October 23, 2008
Set up for fraud
In Who is John Galt Scott Johnson at Powerline quotes from a reader e-mail he received. The man made a credit card donation to Barak Obama under the name John Galt with the address of 1957 Ayn Rand Lane, Galts Gulch, CO 99999 on a credit card issued in his own name. Obama's site did not require the 3 digit verification code. The donation went through. The reader notes
This simply should not, and could not, happen in any business or any campaign that is honestly trying to vet it's donors. Also, I don't see how this could possibly happen without the collusion of the credit card companies. They simply wouldn't allow any business to process, potentially, hundreds of millions in credit card transactions where the name on the card doesn't match the purchasers name.
In short, with the system set up as it is by the Obama camp, an individual could donate unlimited amounts of money by simply making up fake names and addresses. And Obama is doing his best to facilitate this fraud. This is truly scandalous.
The reader tried to make the same at the McCain website and it was rejected.
As one who buys almost everything but staples online, I know that something is funny here. A typo in the name or address has bounced many a transaction on me and an ever increasing number of vendors now require the security code. It appears however, that it isn't collusion by the credit card companies that allows this to happen. In a follow up Johnson notes
Many readers point out that the Obama campaign would exercise some control over the security level required to verify small dollar transactions and that no collusion with the card issuer or bank is therefore required.
Mark Steyn, who does accept overseas contributions, has weighed in with this observation and gets the credit card companies off the hook. It appears the blame lies solely inside the Obama campaign.

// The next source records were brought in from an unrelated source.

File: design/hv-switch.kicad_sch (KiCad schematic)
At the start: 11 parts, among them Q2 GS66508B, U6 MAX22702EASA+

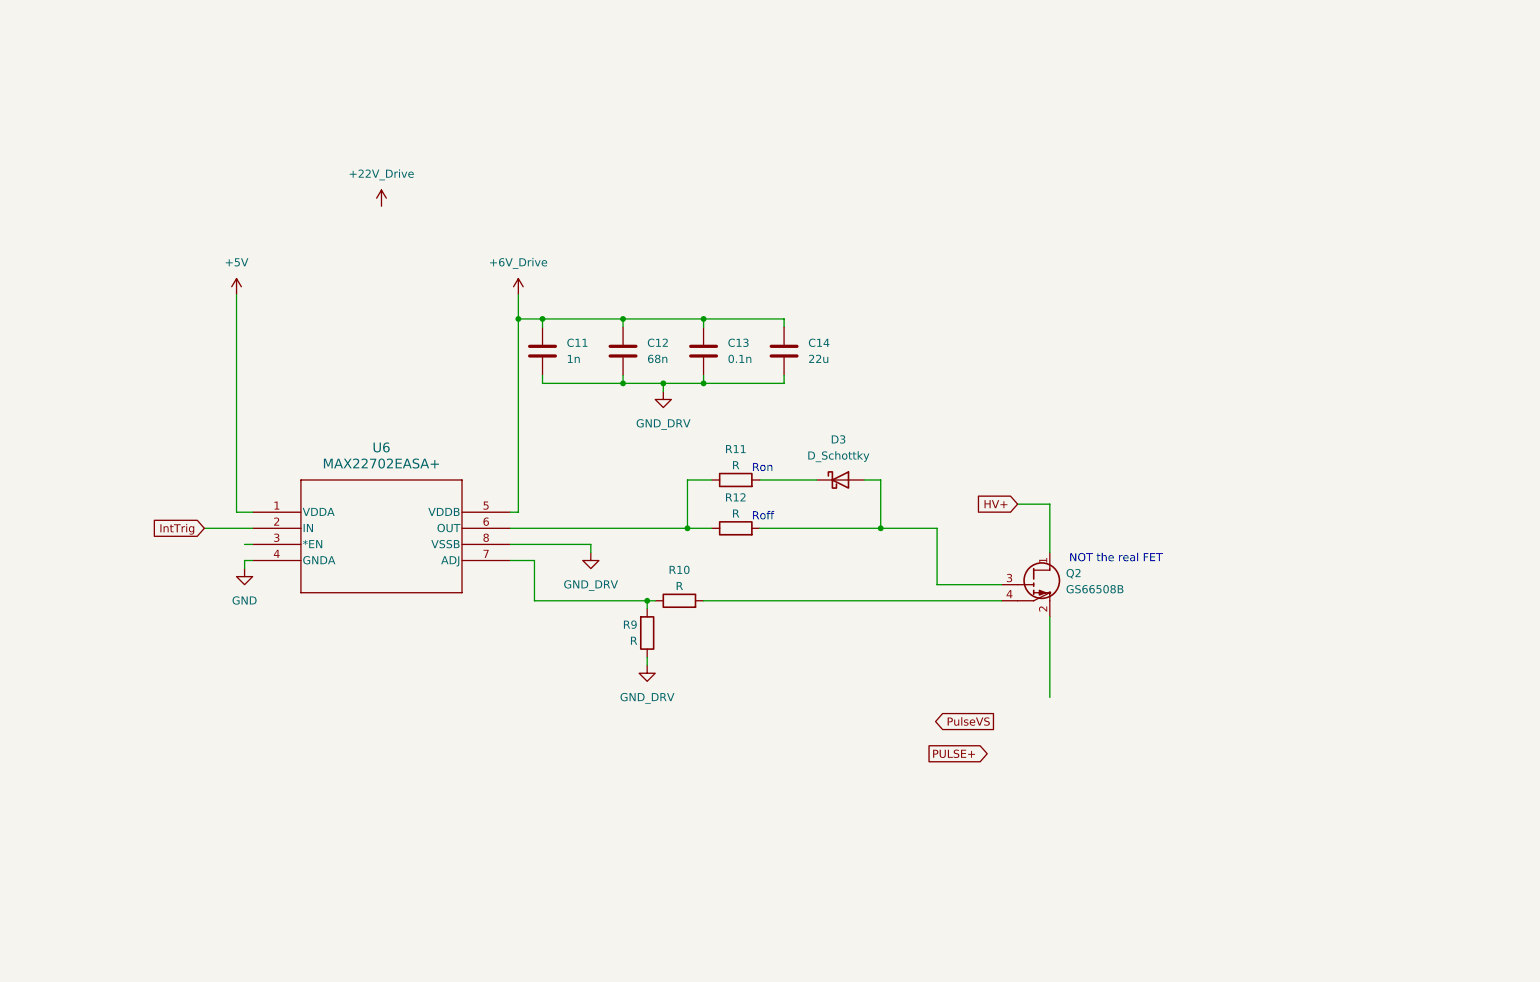
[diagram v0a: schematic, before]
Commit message: assembling final components for HV switching
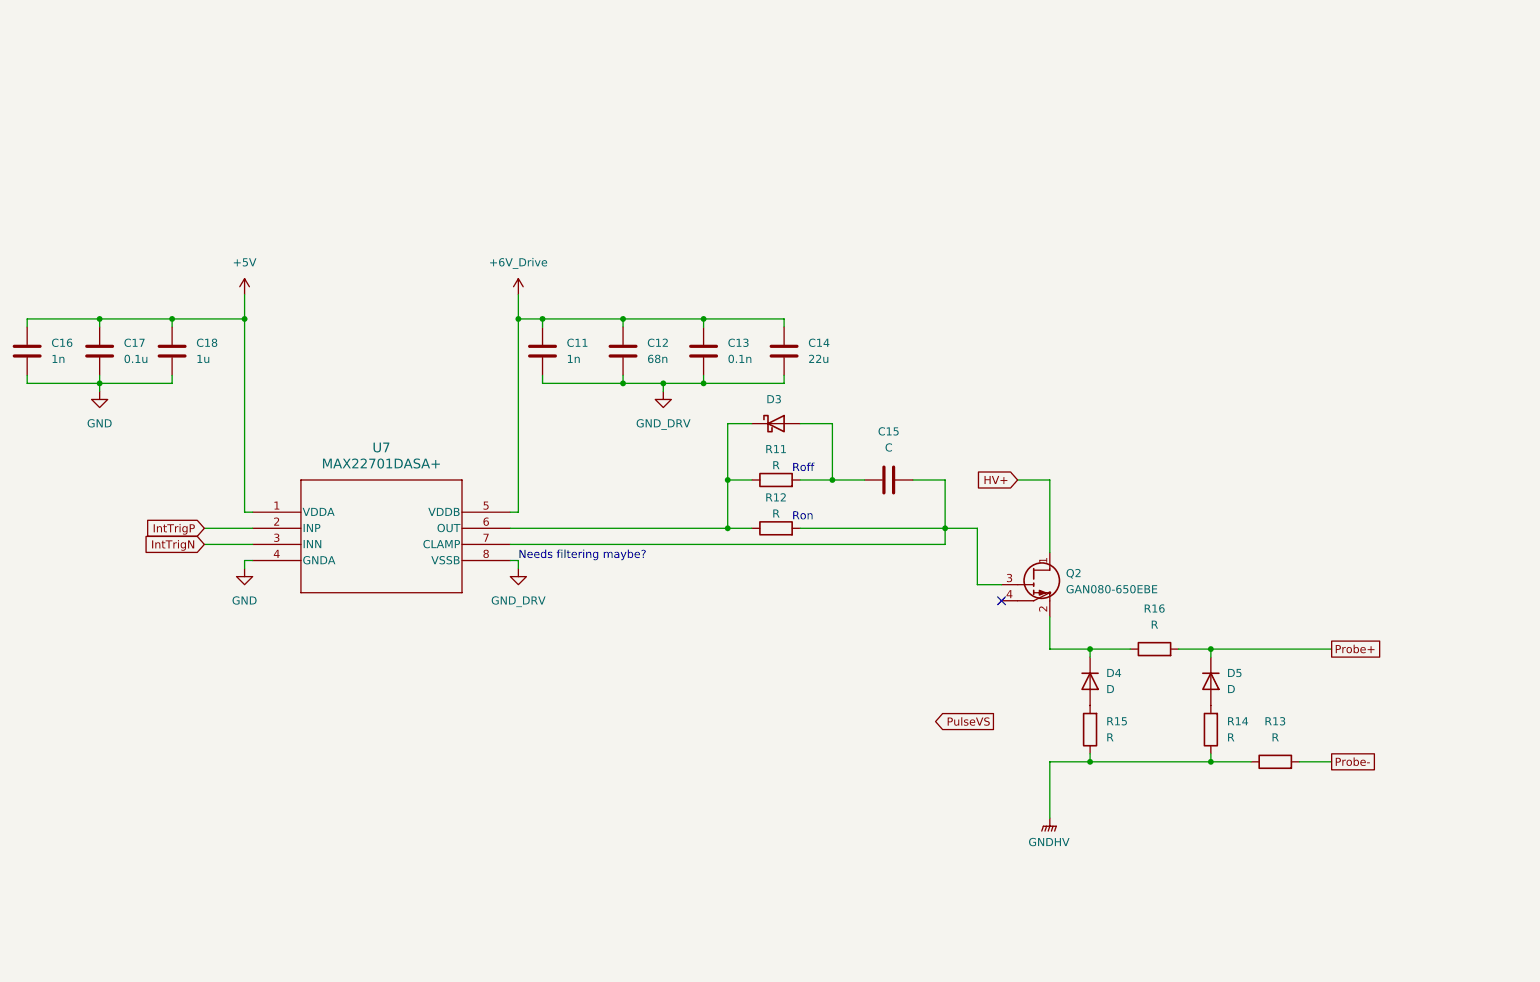
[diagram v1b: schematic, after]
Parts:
- removed R10, R9: R, symbol Device:R
- removed U6: MAX22702EASA+, 21-0041-A_8L, symbol project_symbols:MAX22702EASA+
- added C15: C, symbol Device:C
- added C16: 1n, symbol Device:C
- added C17: 0.1u, symbol Device:C
- added C18: 1u, symbol Device:C
- added D4, D5: D, symbol Device:D
- added R13, R14, R15, R16: R, symbol Device:R
- added U7: MAX22701DASA+, project-footprints:21-0041-A_8L, symbol project_symbols:MAX22701DASA+
- Q2: value GS66508B -> GAN080-650EBE; footprint Transistor_Power:GaN_Systems_GaNPX-4_7x8.4mm -> (none)
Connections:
- net +5V: now also C16.1, C17.1, C18.1, U7.1 (VDDA)
- net +6V_Drive: now also U7.5 (VDDB)
- net GND: now also C16.2, C17.2, C18.2, U7.4 (GNDA)
- net GND_DRV: now also U7.8 (VSSB)
- net at R11.1, R12.1: now also D3.1 (K), U7.6 (OUT)
- net at Q2.3 (G), R12.2: now also C15.2, U7.7 (CLAMP); no longer D3.2 (A)
- net at Q2.2 (S): now also D4.1 (K), R16.1
- net at R11.2: now also D3.2 (A), C15.1; no longer D3.1 (K)
- new net: D4.2 (A), R15.2
- new net: D5.2 (A), R14.2
- new net GNDHV: R13.1, R14.1, R15.1
- new net IntTrigN: U7.3 (INN)
- new net IntTrigP: U7.2 (INP)
- new net Probe+: D5.1 (K), R16.2
- new net Probe-: R13.2
- no-connect marks 0 -> 1
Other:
- note added: "Needs filtering maybe?"
- note removed: "NOT the real FET"
- moved on the sheet: R11, R12

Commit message: Continuing work on HV switching and primary power distribution
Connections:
- net HVSW+: now reaches D4.1 (K), Q2.2 (S), R16.1
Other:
- note removed: "Roff"
- note removed: "Ron"
- moved on the sheet: D4, D5, Q2, R13, R14, R15, R16

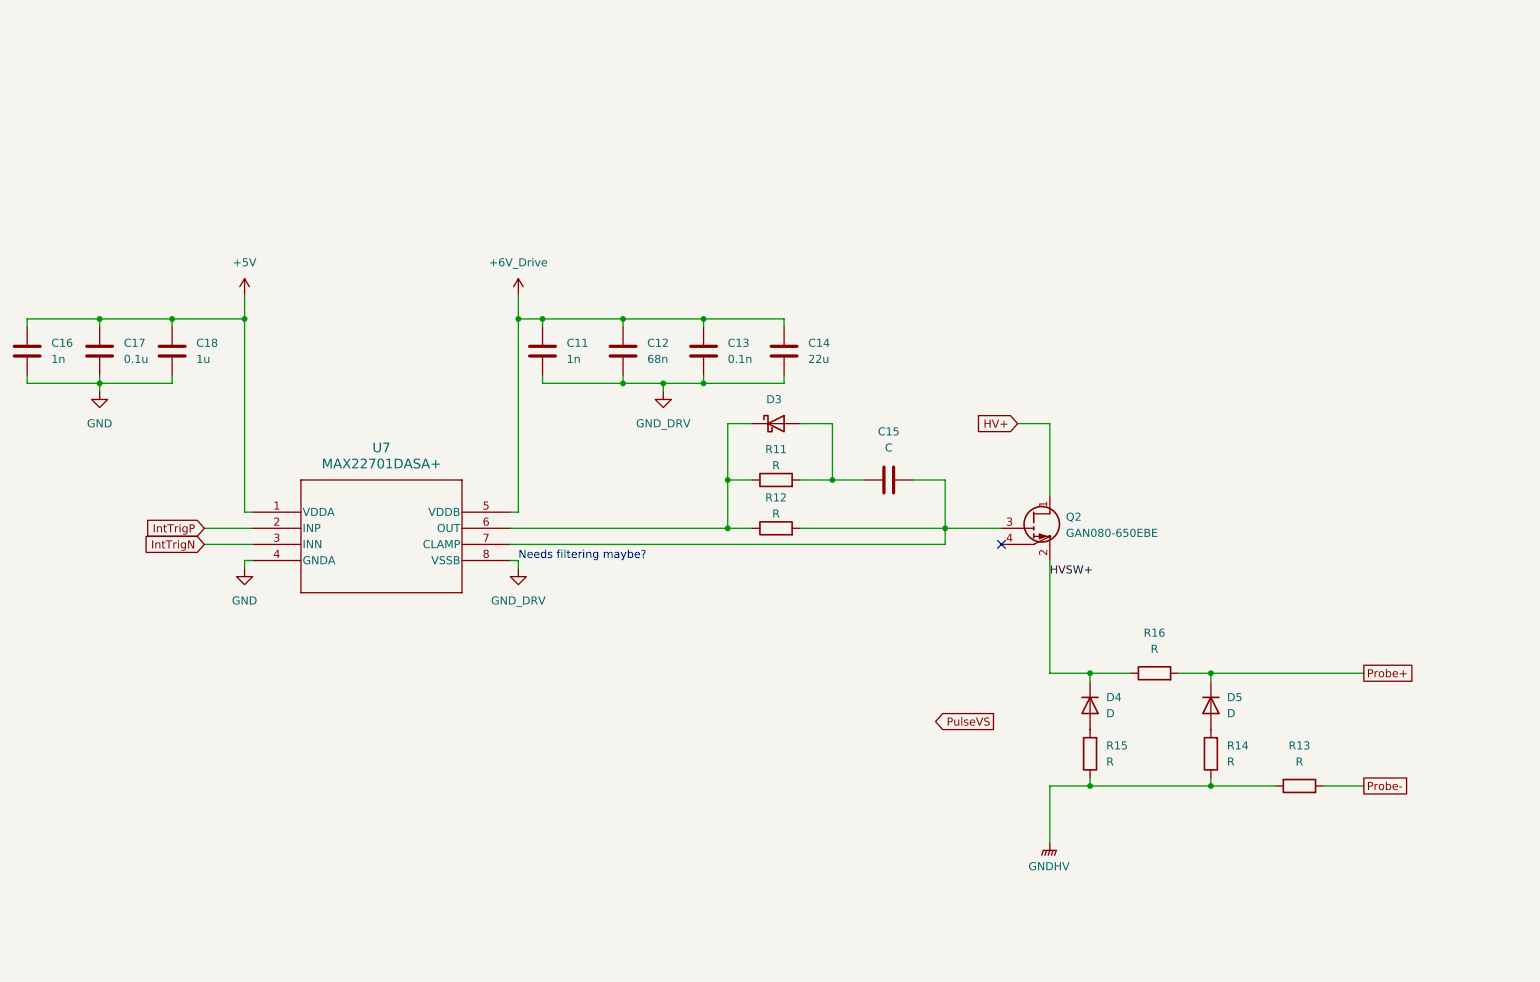
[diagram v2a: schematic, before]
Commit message: Working on probe voltage and current sense circuits
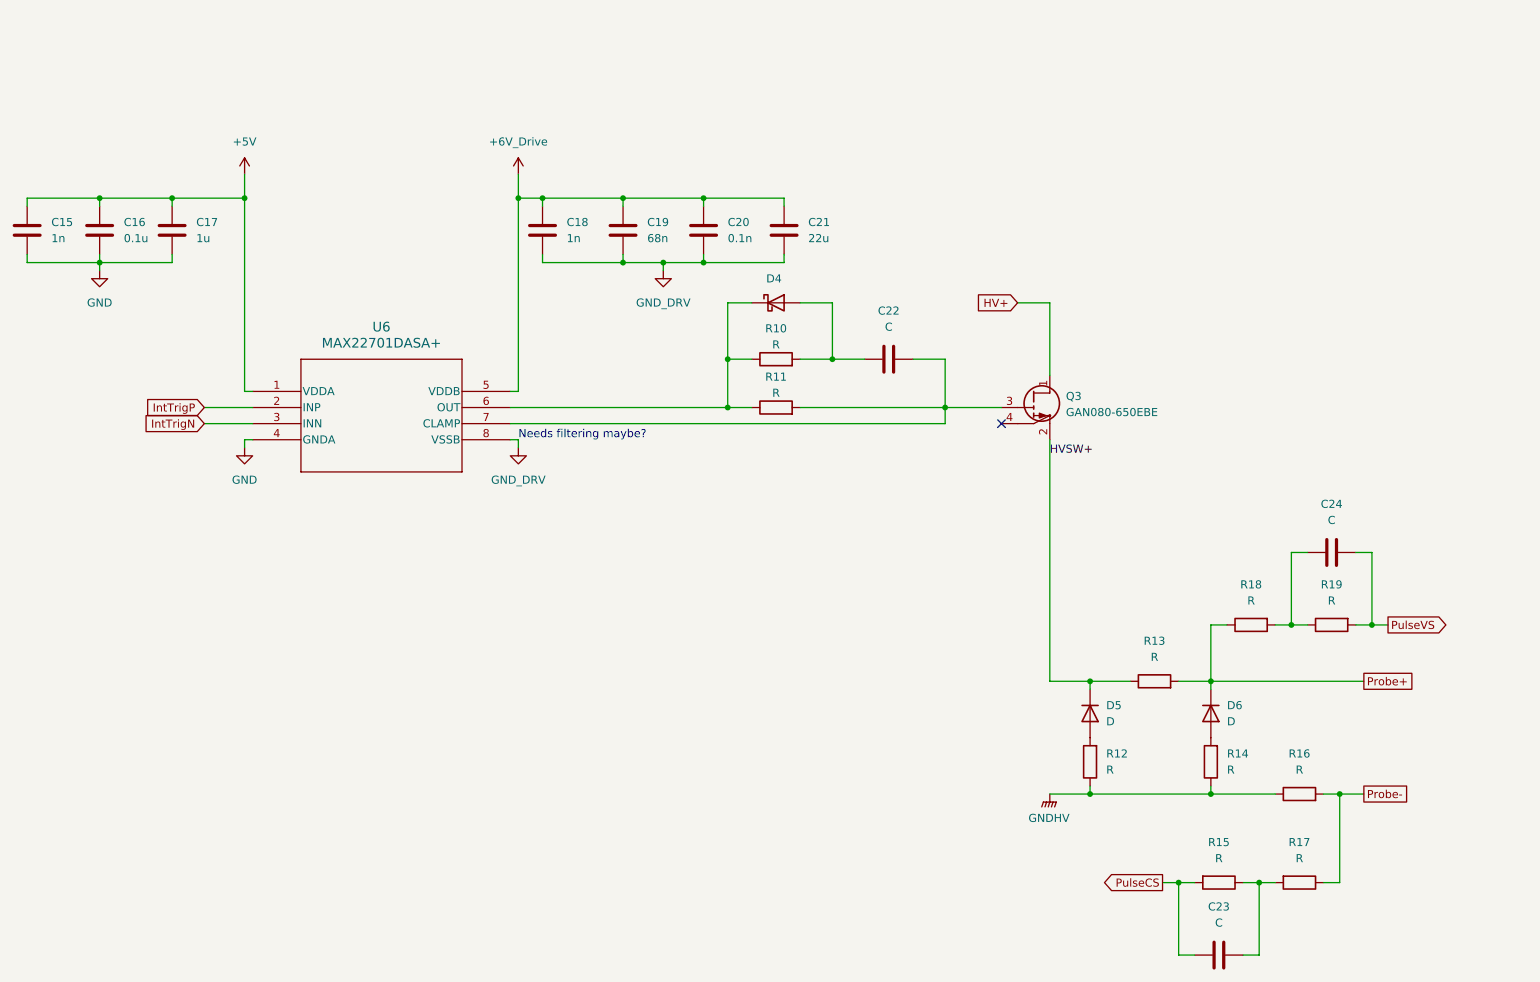
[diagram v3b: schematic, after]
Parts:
- added C23, C24: C, symbol Device:C
- added R15, R17, R18, R19: R, symbol Device:R
- renumbered C16 to C15, C17 to C16, C18 to C17, C11 to C18, C12 to C19, C13 to C20, C14 to C21, C15 to C22, D3 to D4, D4 to D5, D5 to D6, Q2 to Q3, R11 to R10, R12 to R11, R15 to R12, R16 to R13, R13 to R16, U7 to U6
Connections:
- net Probe+: now also R18.1
- net Probe-: now also R17.1
- net PulseVS: now also C24.1, R19.2
- new net: C24.2, R18.2, R19.1
- new net: C23.2, R15.1, R17.2
- new net PulseCS: C23.1, R15.2
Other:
- moved on the sheet: C15, C16, C17, C18, C19, C20, C21, C22, D4, D5, D6, Q3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

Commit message: Trying to figure out high side driver level shifting
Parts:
- added D7: D, symbol Device:D
- added R20: R, symbol Device:R
- C22: value C -> 0.1n
- R10, R11: value R -> 1
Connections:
- net HVSW+ is gone; now on net GND_DRV: D5.1 (K), Q3.2 (S), R13.1
- net +6V_Drive: now also R20.1; no longer C18.1, C19.1, C20.1, C21.1, U6.5 (VDDB)
- new net: C18.1, C19.1, C20.1, C21.1, D7.1 (K), U6.5 (VDDB)
- new net: D7.2 (A), R20.2
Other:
- note added: "If not available, this can be easily swapped for the MAX22701EASA"
- note added: "This turn on / off circuit is kind of a best guess, could use further tuning"
- note removed: "Needs filtering maybe?"

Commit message: _
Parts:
- added U7: MAX22702EASA+, 21-0041-A_8L, symbol project_symbols:MAX22702EASA+
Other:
- note added: "I think the UVLO is too high on the 01 so I might have to use the 02"
- note added: "Provides a buffer between Probe+ flybacksand the gate driver reference | V"
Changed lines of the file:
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@@
+		)
+	)
+	(text "I think the UVLO is too high \non the 01 so I might have to\nuse the 02"
+		(exclude_from_sim no)
+		(at 90.424 127.762 0)
+		(effects
+			(font
+				(size 1.27 1.27)
+			)
+		)
+	)
+	(text "Provides a buffer between \nProbe+ flybacksand the \ngate driver reference\n|\nV"
+		(exclude_from_sim no)
+		(at 212.344 105.664 0)
+		(effects
+			(font
+				(size 1.27 1.27)
+			)
 		)
 	)
@@
 					(unit 1)
 				)
+			)
+		)
+	)
+	(symbol
+		(lib_id "project_symbols:MAX22702EASA+")
+		(at 69.85 109.22 0)
+		(unit 1)
+		(exclude_from_sim no)
+		(in_bom yes)
+		(on_board yes)
+		(dnp no)
+		(fields_autoplaced yes)
+		(property "Reference" "U7"
+			(at 90.17 99.06 0)
+			(effects
+				(font
+					(size 1.524 1.524)
+				)
+			)
+		)
+		(property "Value" "MAX22702EASA+"
+			(at 90.17 101.6 0)
+			(effects
+				(font
+					(size 1.524 1.524)
+				)
+			)
+		)
+		(property "Footprint" "21-0041-A_8L"
+			(at 69.85 109.22 0)
+			(effects
+				(font
+					(size 1.27 1.27)
+					(italic yes)
+				)
+				(hide yes)
+			)
+		)
+		(property "Datasheet" "MAX22702EASA+"
+			(at 69.85 109.22 0)
+			(effects
+				(font
+					(size 1.27 1.27)
+					(italic yes)
+				)
+				(hide yes)
+			)
+		)
+		(property "Description" ""
+			(at 69.85 109.22 0)
+			(effects
+				(font
+					(size 1.27 1.27)
+				)
+				(hide yes)
+			)
+		)
+		(pin "4"
+		)
+		(pin "6"
+		)
+		(pin "8"
+		)
+		(pin "2"
+		)
+		(pin "7"
+		)
+		(pin "3"
+		)
+		(pin "5"
+		)
+		(pin "1"
+		)
+		(instances
+			(project ""
+				(path "/e1be550d-9ce6-42b1-a89a-c00b9d7586dd/a0344160-5a1e-4ade-9868-d857907b9d6d"
+					(reference "U7")
+					(unit 1)
+				)

In order to accept financial donations from "John Galt" and "Saddam Hussein", whoever runs the Obama website would have to modify the default security checks required by their merchant processor.Now sometimes you do have to do a bit of modifying. My website has a lot of customers from overseas, and the default security settings can sometimes be a bit too eager to reject credit cards from countries where the "state or province" box is non-applicable or the postal code is in a non-American format. In other words, the default settings on a US online processing operation (with their bias toward US address formats) should be just what a legitimate US political campaign (anxious not to accept illegal foreign donations) is looking for. Instead, the Obama site appear to have intentionally disabled not only all the address checks (thereby facilitating overseas contributions) but the most basic criterion of all: the card name match (thereby enabling entirely fake contributions). [emphasis added]
This is not sloppiness. It is deliberate. The only thing I find more indicative of criminal intent is the media's disinterest in how the Obama campaign site appears to have been deliberately set up to accept donations from those who are not legally qualified to make them. As Steyn goes on to note.
If the Republican candidate's website were intentionally set up to facilitate fraudulent donations, it would be on the front page of The New York Times. But, as it's King Barack the Spreader, we can rest assured the crack investigative units will be too preoccupied with Governor Palin's shoes over the next two weeks.